ESCOMP / CTSM

Community Terrestrial Systems Model (includes the Community Land Model of CESM)
http://www.cesm.ucar.edu/models/cesm2.0/land/
Other
308 stars 312 forks source link

Out of the box pe layout for Derecho --compset 1850_DATM%GSWP3v1_CLM51%BGC-CROP --res ne30pg3_ne30pg3_mg17 is 50% slower than on cheyenne #2306

Open olyson opened 9 months ago

olyson commented 9 months ago

Maybe we can work on speeding up this configuration which is being used for standalone dead veg simulations, etc.
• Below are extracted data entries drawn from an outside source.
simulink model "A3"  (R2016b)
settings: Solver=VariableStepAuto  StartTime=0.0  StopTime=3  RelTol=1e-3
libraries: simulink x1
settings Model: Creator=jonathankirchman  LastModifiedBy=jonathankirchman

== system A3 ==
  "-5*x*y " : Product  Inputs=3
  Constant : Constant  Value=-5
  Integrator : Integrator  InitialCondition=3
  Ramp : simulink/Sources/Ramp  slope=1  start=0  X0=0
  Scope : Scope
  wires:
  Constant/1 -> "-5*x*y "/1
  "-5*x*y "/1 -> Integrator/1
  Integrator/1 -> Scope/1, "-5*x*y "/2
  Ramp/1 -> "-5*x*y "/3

pe layout on cheyenne (I was getting around 172 yrs/day):

Comp NTASKS NTHRDS ROOTPE PSTRIDE CPL : 1800/ 1; 36 1 ATM : 36/ 1; 0 1 LND : 1800/ 1; 36 1 ICE : 1800/ 1; 36 1 OCN : 1800/ 1; 36 1 ROF : 1800/ 1; 36 1 GLC : 1800/ 1; 36 1 WAV : 1800/ 1; 36 1 ESP : 1/ 1; 0 1 ESMF_AWARE_THREADING is False ROOTPE is with respect to 36.0 tasks per node

pe layout on derecho (I'm getting around 86 yrs/day): Comp NTASKS NTHRDS ROOTPE PSTRIDE CPL : 640/ 1; 128 1 ATM : 128/ 1; 0 1 LND : 640/ 1; 128 1 ICE : 640/ 1; 128 1 OCN : 640/ 1; 128 1 ROF : 640/ 1; 128 1 GLC : 640/ 1; 128 1 WAV : 640/ 1; 128 1 ESP : 1/ 1; 0 1 ESMF_AWARE_THREADING is False ROOTPE is with respect to 128.0 tasks per node

ekluzek commented 9 months ago

This is part of #2244

@olyson could you try increasing to 14 nodes (so 640 tasks goes to 1792==14x128)? I'd like to make that the starting point to work from. I'll play around with it after you do that and report back.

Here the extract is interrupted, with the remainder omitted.